### WHAT YOU SHOULD DO
Please transcribe exactly the lines from the first line of the records below through the line containing "line L3 (-7.1, -7.1) -> (-7.1, 7.1)", including both, and omit all pictures.

(Stored entries)
----
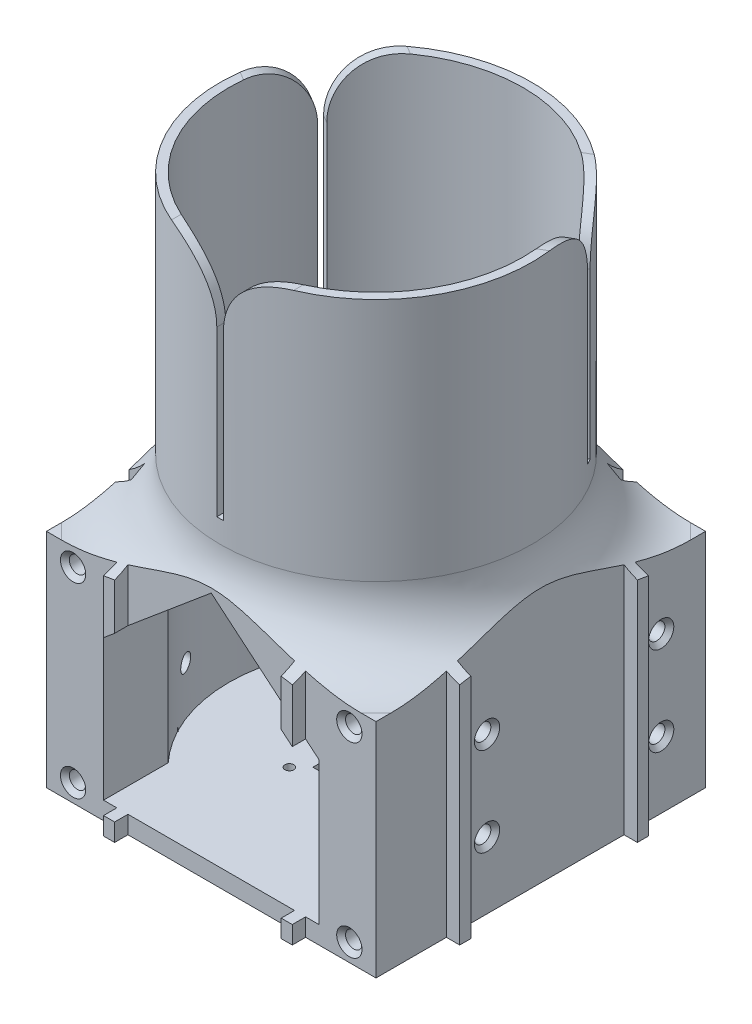
SolidWorks part; units mm, degrees
ref_plane "Front Plane" through (0, 0, 0) normal (0, 0, 1) x (1, 0, 0)
ref_plane "Top Plane" through (0, 0, 0) normal (0, 1, 0) x (1, 0, 0)
ref_plane "Right Plane" through (0, 0, 0) normal (1, 0, 0) x (0, 0, -1)
sketch "Sketch1" plane through (0, 0, 0) normal (0, 1, 0) x (1, 0, 0)
  line L0 (7.1, -7.1) -> (7.1, 7.1)
  line L1 (7.1, -7.1) -> (-7.1, -7.1)
  line L2 (7.1, 7.1) -> (-7.1, 7.1)
  line L3 (-7.1, -7.1) -> (-7.1, 7.1)
  line L4 (7.1, -7.1) -> (-7.1, 7.1) construction
  line L5 (7.1, 7.1) -> (-7.1, -7.1) construction
  line L6 (37.1, -37.1) -> (37.1, -21.25)
  line L7 (37.1, -37.1) -> (21.25, -37.1)
  line L8 (37.1, 37.1) -> (21.5, 37.1)
  line L9 (-37.1, -37.1) -> (-37.1, -21.5)
  line L10 (37.1, -37.1) -> (-37.1, 37.1) construction
  line L11 (37.1, 37.1) -> (-37.1, -37.1) construction
  line L12 (37.1, 21.25) -> (40.1, 21.25)
  line L13 (40.1, 21.25) -> (40.1, 18.75)
  line L14 (40.1, 18.75) -> (37.1, 18.75)
  line L15 (21.25, 0) -> (30.6436, 0) construction
  line L16 (40.1, -18.75) -> (37.1, -18.75)
  line L17 (40.1, -21.25) -> (40.1, -18.75)
  line L18 (37.1, -21.25) -> (40.1, -21.25)
  line L19 (37.1, 21.25) -> (37.1, 37.1)
  line L20 (37.1, -18.75) -> (37.1, 18.75)
  line L21 (21.25, -37.1) -> (21.25, -40.1)
  line L22 (21.25, -40.1) -> (18.75, -40.1)
  line L23 (18.75, -40.1) -> (18.75, -37.1)
  line L24 (18.75, -37.1) -> (-18.75, -37.1)
  line L25 (-37.1, -18.5) -> (-33.6, -18.5)
  line L26 (-33.6, -18.5) -> (-33.6, -21.5)
  line L27 (-33.6, -21.5) -> (-37.1, -21.5)
  line L28 (21.5, 37.1) -> (21.5, 33.6)
  line L29 (21.5, 33.6) -> (18.5, 33.6)
  line L30 (18.5, 33.6) -> (18.5, 37.1)
  line L31 (18.5, 37.1) -> (-18.5, 37.1)
  line L32 (-37.1, -18.5) -> (-37.1, 18.5)
  line L33 (-33.6, 21.5) -> (-37.1, 21.5)
  line L34 (-33.6, 18.5) -> (-33.6, 21.5)
  line L35 (-37.1, 18.5) -> (-33.6, 18.5)
  line L36 (-37.1, 21.5) -> (-37.1, 37.1)
  line L37 (0, 0) -> (0, 18.7785) construction
  line L38 (-18.75, -40.1) -> (-18.75, -37.1)
  line L39 (-21.25, -40.1) -> (-18.75, -40.1)
  line L40 (-21.25, -37.1) -> (-21.25, -40.1)
  line L41 (-21.5, 37.1) -> (-21.5, 33.6)
  line L42 (-21.5, 33.6) -> (-18.5, 33.6)
  line L43 (-18.5, 33.6) -> (-18.5, 37.1)
  line L44 (-21.25, -37.1) -> (-37.1, -37.1)
  line L45 (-21.5, 37.1) -> (-37.1, 37.1)
  circle A0 centre (0, 0) radius 33.1
  circle A2 centre (-9.751, 9.751) radius 1
  circle A3 centre (9.751, 9.751) radius 1
  circle A4 centre (9.751, -9.751) radius 1
  circle A5 centre (-9.751, -9.751) radius 1
  point P1 (0, 0)
  point P2 (0, 0)
  point P34 (0, 0)
  point P36 (20, -40.1)
  point P38 (40.1, -20)
  point P50 (40.1, 20)
  point P51 (-33.6, 20)
  point P53 (20, 33.6)
  dimension "D3" = 66.2
  dimension "D8" = 2
  dimension "D1" = 14.2
  dimension "D2" = 4
  dimension "D4" = 2.5
  dimension "D6" = 3
  dimension "D7" = 13.79
  dimension "D10" = 20
  dimension "D11" = 3
  dimension "D12" = 3.5
  dimension "D13" = 4
  dimension "D5" = 20
  dimension "D9" = 4
extrude "Boss-Extrude1" add sketch "Sketch1" along normal blind 4 contours L16 L20 L14 L13 L12 L19 L8 L9 L7 L6 L18 L17 A0 | A0 L1 L3 L2 L0 region at (29.175, 0, 36.0082) region at (-32.1638, 0, 0)
extrude "Boss-Extrude2" add sketch "Sketch1<4>" along normal blind 50 contours L16 L20 L14 L13 L12 L19 L8 L9 L7 L6 L18 L17 A0 region at (29.175, 0, 36.0082)
sketch "Sketch1<4>" plane through (0, 0, 0) normal (0, 1, 0) x (1, 0, 0) same geometry as "Sketch1"
sketch "Sketch12" plane through (0, 50, 0) normal (0, 1, 0) x (1, 0, 0)
  circle A0 centre (0, 0) radius 33.1
  circle A1 centre (0, 0) radius 35.1
  dimension "D1" = 66.2
  dimension "D2" = 2
extrude "Boss-Extrude3" add sketch "Sketch12" along normal blind 70
fillet "Fillet2" radius 15 1 edges at (0, 50, 35.1)
sketch "Sketch9" plane through (0, 120, 0) normal (0, 1, 0) x (1, 0, 0)
  line L0 (0, 0) -> (37.922, 21.8943) construction
  line L1 (0, 0) -> (0, -43.7885) construction
  line L2 (0, 0) -> (-37.922, 21.8943) construction
  line L3 (0.75, -0.433) -> (0.75, -43.7885)
  line L4 (-0.75, -0.433) -> (-38.297, 21.2447)
  line L5 (0, 0.866) -> (37.547, 22.5438)
  line L6 (-0.75, -0.433) -> (-0.75, -43.7885)
  line L7 (0, 0.866) -> (-37.547, 22.5438)
  line L8 (0.75, -0.433) -> (38.297, 21.2447)
  line L9 (-37.547, 22.5438) -> (-38.297, 21.2447)
  line L10 (37.547, 22.5438) -> (38.297, 21.2447)
  line L11 (-0.75, -43.7885) -> (0.75, -43.7885)
  line L12 (-0.375, 0.6495) -> (37.547, 22.5438) construction
  line L13 (0.375, 0.6495) -> (-37.547, 22.5438) construction
  line L14 (0.75, 0) -> (0.75, -43.7885) construction
  line L15 (0.375, -0.6495) -> (38.297, 21.2447) construction
  line L16 (-0.375, -0.6495) -> (-38.297, 21.2447) construction
  line L17 (-0.75, 0) -> (-0.75, -43.7885) construction
  dimension "D1" = 120
  dimension "D2" = 120
  dimension "D3" = 1.5
extrude "Cut-Extrude2" cut sketch "Sketch9" against normal blind 50 and the other way blind 50
sketch "Sketch13" plane through (0, 0, -37.1) normal (0, 0, -1) x (-1, 0, 0)
  line L0 (-37.1, 51.9215) -> (-37.1, 0) construction
  line L1 (-37.1, 0) -> (-21.5, 0) construction
  line L2 (-33.669, 50) -> (-37.1, 50) construction
  line L3 (37.1, 50) -> (37.1, 0) construction
  line L4 (33.6, 0) -> (33.6, 28.0835) construction
  line L5 (21.5, 0) -> (37.1, 0) construction
  circle A0 centre (-31.1, 4) radius 1.85
  circle A1 centre (31.1, 4) radius 1.85
  circle A2 centre (31.1, 46) radius 1.85
  circle A3 centre (-31.1, 46) radius 1.85
  dimension "D1" = 3.7
  dimension "D2" = 6
  dimension "D3" = 4
  dimension "D4" = 4
  dimension "D5" = 6
  dimension "D6" = 3.5
extrude "Cut-Extrude3" cut sketch "Sketch13" against normal blind 22
ref_plane "Plane1" through (0, 0, 0) normal (0, 0, -1) x (-1, 0, 0)
mirror "Mirror3" about plane through (0, 0, 0) normal (0, 0, -1) of "Cut-Extrude3"
chamfer "Chamfer1" distance 1 angle 45 8 edges at (29.25, 46, -37.1) (29.25, 4, -37.1) (-32.95, 46, -37.1) (-32.95, 4, -37.1) (29.25, 4, 37.1) (29.25, 46, 37.1) (-32.95, 46, 37.1) (-32.95, 4, 37.1)
sketch "Sketch14" plane through (0, 0, -37.1) normal (0, 0, -1) x (-1, 0, 0)
  line L0 (0, 0) -> (0, 57.5167) construction
  line L3 (24.25, 36.1685) -> (0, 56.5167)
  line L4 (-24.25, 36.1685) -> (0, 56.5167)
  line L8 (24.25, 36.1685) -> (24.25, 4)
  line L9 (24.25, 4) -> (-24.25, 4)
  line L10 (-24.25, 4) -> (-24.25, 36.1685)
  line L11 (-24.25, 36.1685) -> (0, 36.1685) construction
  line L12 (-18.5, 0) -> (18.5, 0) construction
  circle A1 centre (-31.1, 4) radius 2.85 construction
  spline S0 degree 3 poles (18.5, 52.7406) (16.9749, 53.2204) (15.46, 53.7353) (12.4322, 54.7728) (10.9197, 55.2963) (7.8698, 56.2565) (6.3324, 56.6936) (3.9748, 57.1704) (3.1802, 57.299) (1.5673, 57.4738) (0.7658, 57.5178) (-0.8263, 57.5155) (-1.6169, 57.4694) (-3.1885, 57.2971) (-3.9696, 57.1711) (-6.3017, 56.7005) (-7.845, 56.2638) (-10.904, 55.3017) (-12.4192, 54.7773) (-15.4526, 53.7378) (-16.9705, 53.2218) (-18.5, 52.7406) knots 0 0 0 0 0.125 0.125 0.25 0.25 0.375 0.375 0.4375 0.4375 0.5 0.5 0.5625 0.5625 0.625 0.625 0.75 0.75 0.875 0.875 1 1 1 1 construction
  dimension "D4" = 4
  dimension "D1" = 40
  dimension "D2" = 4
  dimension "D3" = 1
extrude "Cut-Extrude4" cut sketch "Sketch14" against normal blind 177
fillet "Fillet3" radius 10 2 edges at (-24.25, 36.1685, -29.8144) (24.25, 36.1685, -29.8144)
fillet "Fillet5" radius 13 6 edges at (-29.8993, 120, -16.3964) (-29.1493, 120, -17.6954) (29.1493, 120, -17.6954) (29.8993, 120, -16.3964) (0.75, 120, 34.0917) (-0.75, 120, 34.0917)
sketch "Sketch15" plane through (37.1, 0, 0) normal (1, 0, 0) x (0, 0, -1)
  line L0 (-37.1, 25) -> (37.1, 25) construction
  line L1 (-37.1, 50) -> (-37.1, 0) construction
  line L2 (37.1, 50) -> (37.1, 0) construction
  circle A0 centre (27.1, 35) radius 1.85
  circle A1 centre (27.1, 15) radius 1.85
  circle A3 centre (-12.1, 15) radius 1.85
  circle A4 centre (-12.1, 35) radius 1.85
  point P14 (-8.4307, 35)
  point P15 (0, 0)
  point P16 (0, 0)
  point P17 (0, 0)
  dimension "D1" = 3.7
  dimension "D2" = 20
  dimension "D3" = 39.2
  dimension "D4" = 10
extrude "Cut-Extrude5" cut sketch "Sketch15" against normal up to surface (74.2 mm away) up to face at (-37.1, 30.5556, -28.9569)
chamfer "Chamfer2" distance 1 angle 45 8 edges at (-37.1, 15, 13.95) (-37.1, 15, -25.25) (-37.1, 35, -25.25) (37.1, 15, 10.25) (37.1, 35, -28.95) (37.1, 15, -28.95) (-37.1, 35, 13.95) (37.1, 35, 10.25)
equation "\"CanDiameter\"=40.6328"
equation "\"D11@Sketch1\"=\"D4@Sketch1\"+.5"
equation "\"D12@Sketch1\"=\"D6@Sketch1\"+.5"
equation "\"D5@Sketch1\"=\"D10@Sketch1\""
----
### TASK ANSWER
SolidWorks part; units mm, degrees
ref_plane "Front Plane" through (0, 0, 0) normal (0, 0, 1) x (1, 0, 0)
ref_plane "Top Plane" through (0, 0, 0) normal (0, 1, 0) x (1, 0, 0)
ref_plane "Right Plane" through (0, 0, 0) normal (1, 0, 0) x (0, 0, -1)
sketch "Sketch1" plane through (0, 0, 0) normal (0, 1, 0) x (1, 0, 0)
  line L0 (7.1, -7.1) -> (7.1, 7.1)
  line L1 (7.1, -7.1) -> (-7.1, -7.1)
  line L2 (7.1, 7.1) -> (-7.1, 7.1)
  line L3 (-7.1, -7.1) -> (-7.1, 7.1)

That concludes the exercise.